I have some understanding of measure theory / real analysis, and some understanding of probability theory, but I'm having some trouble putting the two together.
According to Wikipedia:
Let $(\Omega, \mathcal{F}, P)$ be a probability space and $(E, \mathcal{E})$ a measurable space. Then an $(E, \mathcal{E})$-valued random variable is a function $X : \Omega \to \mathcal{E}$ which is $(\mathcal{F}, \mathcal{E})$-measurable.
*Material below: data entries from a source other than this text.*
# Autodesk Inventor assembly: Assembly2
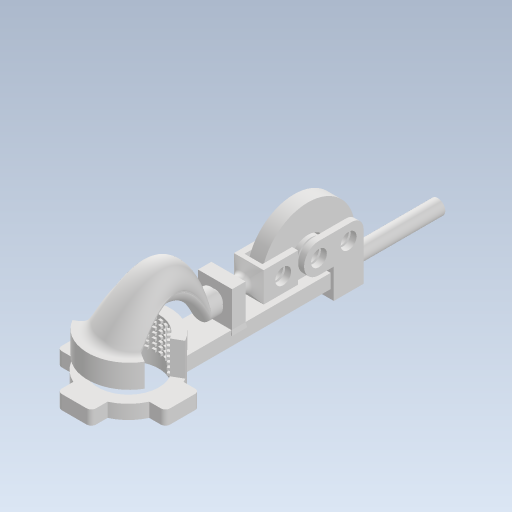
[picture p0: Inventor's stored thumbnail of the model, 512x512]
Saved by Autodesk Inventor 2023 (Build 270158000, 158)
## iProperties
Created: 2022-09-15
Part Number: Assembly2
Document SubType Name: Assembly
Designer: Dave
Author: Dave
## Documents named in this file (8)
- C:\Users\Dave\Desktop\Assembly2.iam
- C:\Users\Dave\Desktop\Plunger Cap.ipt
- C:\Users\Dave\Desktop\Plunger.ipt
- C:\Users\Dave\Desktop\Slider2.ipt
- C:\Users\Dave\Desktop\Support Hole.ipt
- C:\Users\Dave\Desktop\Locker.ipt
- C:\Users\Dave\Desktop\Tensioner2.ipt
- C:\Users\Dave\Desktop\Lever Arm.ipt
## Components (7 placed, 7 different names)
1. Plunger Cap:1 — Angle:2, Insert:1
2. Plunger:1 — Mate:3, Angle:1, Mate:8, Mate:10, Insert:1
3. Slider2:1 — Mate:1, Flush:1, Mate:2, Angle:1, Mate:6, Mate:7, Angle:2, Angle:3
4. Support Hole:1 — Mate:1, Flush:1, Mate:2, Mate:3
5. Locker:1 — Mate:6, Mate:7, Mate:9, Angle:3, Insert:2
6. Tensioner2:1 — Mate:8, Mate:9, Mate:10
7. Lever Arm:1 — Insert:2
## Relationships (14: Mate 8, Angle 3, Insert 2, Flush 1)
- Mate:1: Slider2:1 ↔ Support Hole:1
- Flush:1: Slider2:1 ↔ Support Hole:1
- Mate:2: Slider2:1 ↔ Support Hole:1
- Mate:3: Plunger:1 ↔ Support Hole:1
- Angle:1 (0 deg): Plunger:1 ↔ Slider2:1
- Mate:6: Slider2:1 ↔ Locker:1
- Mate:7 (0.801 mm): Slider2:1 ↔ Locker:1
- Mate:8: Plunger:1 ↔ Tensioner2:1
- Mate:9: Locker:1 ↔ Tensioner2:1
- Mate:10 (0.802 mm): Plunger:1 ↔ Tensioner2:1
- Angle:2 (0 deg): Plunger Cap:1 ↔ Slider2:1
- Insert:1: Plunger Cap:1 ↔ Plunger:1
- Angle:3 (-90 deg): Slider2:1 ↔ Locker:1
- Insert:2: Locker:1 ↔ Lever Arm:1
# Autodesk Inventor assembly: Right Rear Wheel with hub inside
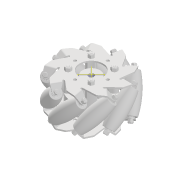
[picture p0: Inventor's stored thumbnail of the model, 180x180]
Saved by Autodesk Inventor 2020 (Build 240168000, 168)
## iProperties
Created: 2020-02-22
Part Number: Right Rear Wheel with hub inside
Document SubType Name: Assembly
Designer: ball
Author: ball
## Documents named in this file (5)
- C:\FTC\FTC8863CAD\2019 Robot\Mecanum Drive Train Metal\Right Rear Wheel with hub inside.iam
- C:\FTC\FTC8863CAD\GoBilda\1310 Parts\1310-0016-4008 assembly.ipt
- C:\FTC\FTC8863CAD\StepLibraries\Screws\M4 x 22 SOCKET HEAD CAP SCREW.ipt
- C:\FTC\FTC8863CAD\StepLibraries\Washers\M4 FLAT WASHER.ipt
- C:\FTC\FTC8863CAD\GoBilda\3213 Parts\3606-0000-0100 assembly.iam
## Components (10 placed, 4 different names)
1. 3606-0000-0100 assembly:1 [sub-assembly] — Mate:26, Mate:27, Mate:28, Mate:29, Mate:30, Mate:31, Mate:40, Mate:41, Mate:42, Mate:43, Mate:45, Mate:46
2. M4 x 22 SOCKET HEAD CAP SCREW:6 — Mate:31
3. M4 FLAT WASHER:6 — Mate:30
4. 1310-0016-4008 assembly:2 — Mate:26, Mate:27, Mate:28, Mate:29
5. M4 x 22 SOCKET HEAD CAP SCREW:7 — Mate:43
6. M4 FLAT WASHER:7 — Mate:40
7. M4 x 22 SOCKET HEAD CAP SCREW:8 — Mate:46
8. M4 FLAT WASHER:8 — Mate:42
9. M4 x 22 SOCKET HEAD CAP SCREW:9 — Mate:45
10. M4 FLAT WASHER:9 — Mate:41
## Relationships (20: Mate 20)
- [Mate]: M4 x 22 SOCKET HEAD CAP SCREW:6 ↔ M4 FLAT WASHER:6
- [Mate]: M4 x 22 SOCKET HEAD CAP SCREW:6 ↔ M4 FLAT WASHER:6
- Mate:26: 3606-0000-0100 assembly:1 ↔ 1310-0016-4008 assembly:2
- Mate:27: 3606-0000-0100 assembly:1 ↔ 1310-0016-4008 assembly:2
- Mate:28: 3606-0000-0100 assembly:1 ↔ 1310-0016-4008 assembly:2
- Mate:29: 3606-0000-0100 assembly:1 ↔ 1310-0016-4008 assembly:2
- Mate:30: 3606-0000-0100 assembly:1 ↔ M4 FLAT WASHER:6
- Mate:31: 3606-0000-0100 assembly:1 ↔ M4 x 22 SOCKET HEAD CAP SCREW:6
- [Mate]: M4 x 22 SOCKET HEAD CAP SCREW:7 ↔ M4 FLAT WASHER:7
- [Mate]: M4 x 22 SOCKET HEAD CAP SCREW:7 ↔ M4 FLAT WASHER:7
- [Mate]: M4 x 22 SOCKET HEAD CAP SCREW:8 ↔ M4 FLAT WASHER:8
- [Mate]: M4 x 22 SOCKET HEAD CAP SCREW:8 ↔ M4 FLAT WASHER:8
- [Mate]: M4 x 22 SOCKET HEAD CAP SCREW:9 ↔ M4 FLAT WASHER:9
- [Mate]: M4 x 22 SOCKET HEAD CAP SCREW:9 ↔ M4 FLAT WASHER:9
- Mate:40: 3606-0000-0100 assembly:1 ↔ M4 FLAT WASHER:7
- Mate:41: 3606-0000-0100 assembly:1 ↔ M4 FLAT WASHER:9
- Mate:42: 3606-0000-0100 assembly:1 ↔ M4 FLAT WASHER:8
- Mate:43: 3606-0000-0100 assembly:1 ↔ M4 x 22 SOCKET HEAD CAP SCREW:7
- Mate:45: 3606-0000-0100 assembly:1 ↔ M4 x 22 SOCKET HEAD CAP SCREW:9
- Mate:46: 3606-0000-0100 assembly:1 ↔ M4 x 22 SOCKET HEAD CAP SCREW:8
## Named parameters: d56_d39_d14_d12 = 0 mm, d57_d40_d15_d13 = 0 mm, d64_d56_d39_d14_d12 = 0 mm, d65_d57_d40_d15_d13 = 0 mm, d66_d56_d39_d14_d12 = 0 mm, d67_d57_d40_d15_d13 = 0 mm, d68_d56_d39_d14_d12 = 0 mm, d69_d57_d40_d15_d13 = 0 mm
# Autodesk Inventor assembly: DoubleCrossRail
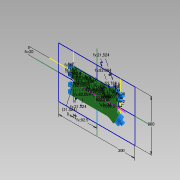
[picture p0: Inventor's stored thumbnail of the model, 180x180]
Saved by Autodesk Inventor 2021 (Build 250183000, 183)
## iProperties
Created: 2021-02-18
Part Number: DoubleCrossRail
Document SubType Name: Assembly
Designer: kumagai
Author: kumagai
## Documents named in this file (4)
- X:\Develop\CAD\PlaRails\DoubleCross\DoubleCrossRail.iam
- X:\Develop\CAD\PlaRails\RailJointFemale.ipt
- X:\Develop\CAD\PlaRails\RailJointMale.ipt
- X:\Develop\CAD\PlaRails\DoubleCross\DoubleCross.ipt
## Components (5 placed, 3 different names)
1. DoubleCross:1 — フラッシュ:1, フラッシュ:2, フラッシュ:3, フラッシュ:4, フラッシュ:5, フラッシュ:6, フラッシュ:7, フラッシュ:8, メイト:1, メイト:2, メイト:3, メイト:4
2. RailJointFemale:1 — フラッシュ:5, フラッシュ:8, メイト:1
3. RailJointFemale:2 — フラッシュ:6, フラッシュ:7, メイト:2
4. RailJointMale:1 — フラッシュ:2, フラッシュ:4, メイト:3
5. RailJointMale:2 — フラッシュ:1, フラッシュ:3, メイト:4
## Relationships (12: Flush 8, Mate 4)
- フラッシュ:1 [Flush]: DoubleCross:1 ↔ RailJointMale:2
- フラッシュ:2 [Flush]: DoubleCross:1 ↔ RailJointMale:1
- フラッシュ:3 [Flush]: DoubleCross:1 ↔ RailJointMale:2
- フラッシュ:4 [Flush]: DoubleCross:1 ↔ RailJointMale:1
- フラッシュ:5 [Flush]: DoubleCross:1 ↔ RailJointFemale:1
- フラッシュ:6 [Flush]: DoubleCross:1 ↔ RailJointFemale:2
- フラッシュ:7 [Flush]: DoubleCross:1 ↔ RailJointFemale:2
- フラッシュ:8 [Flush]: DoubleCross:1 ↔ RailJointFemale:1
- メイト:1 [Mate]: DoubleCross:1 ↔ RailJointFemale:1
- メイト:2 [Mate]: DoubleCross:1 ↔ RailJointFemale:2
- メイト:3 [Mate]: DoubleCross:1 ↔ RailJointMale:1
- メイト:4 [Mate]: DoubleCross:1 ↔ RailJointMale:2

Now for example, let's take $X$ be a standard Gaussian random variable, $X \sim \mathcal{N}(0, 1)$.
- I think $E = \mathbb{R}$ since $X$ takes values in $\mathbb{R}$.
- Also, we should have $\mathcal{E} = \mathscr{B}(\mathbb{R})$ the Borel $\sigma$-field of $\mathbb{R}$.
- But, what should $(\Omega, \mathcal{F}, P)$ be?
Furthermore, let's try to calculate $\mathbb{E}[X]$ the mean of $X$. By Wikipedia's definition,
$$\mathbb{E}[X] = \int_\Omega X\, dP = \int_\Omega X(\omega)\, P(d\omega).$$
This raises some questions.
- How does this relate to the elementary computation: $$\mathbb{E}[X] = \int_{-\infty}^{\infty} x\cdot f_X(x)\, dx$$ How does $f_X : \mathbb{R} \to \mathbb{R}^{\geq 0}$ relate to the measure-theoretic definition of $X$?
- What is the meaning of $P(d\omega)$? $P$ is a measure so it makes sense to integrate $dP$, but what is $d\omega$?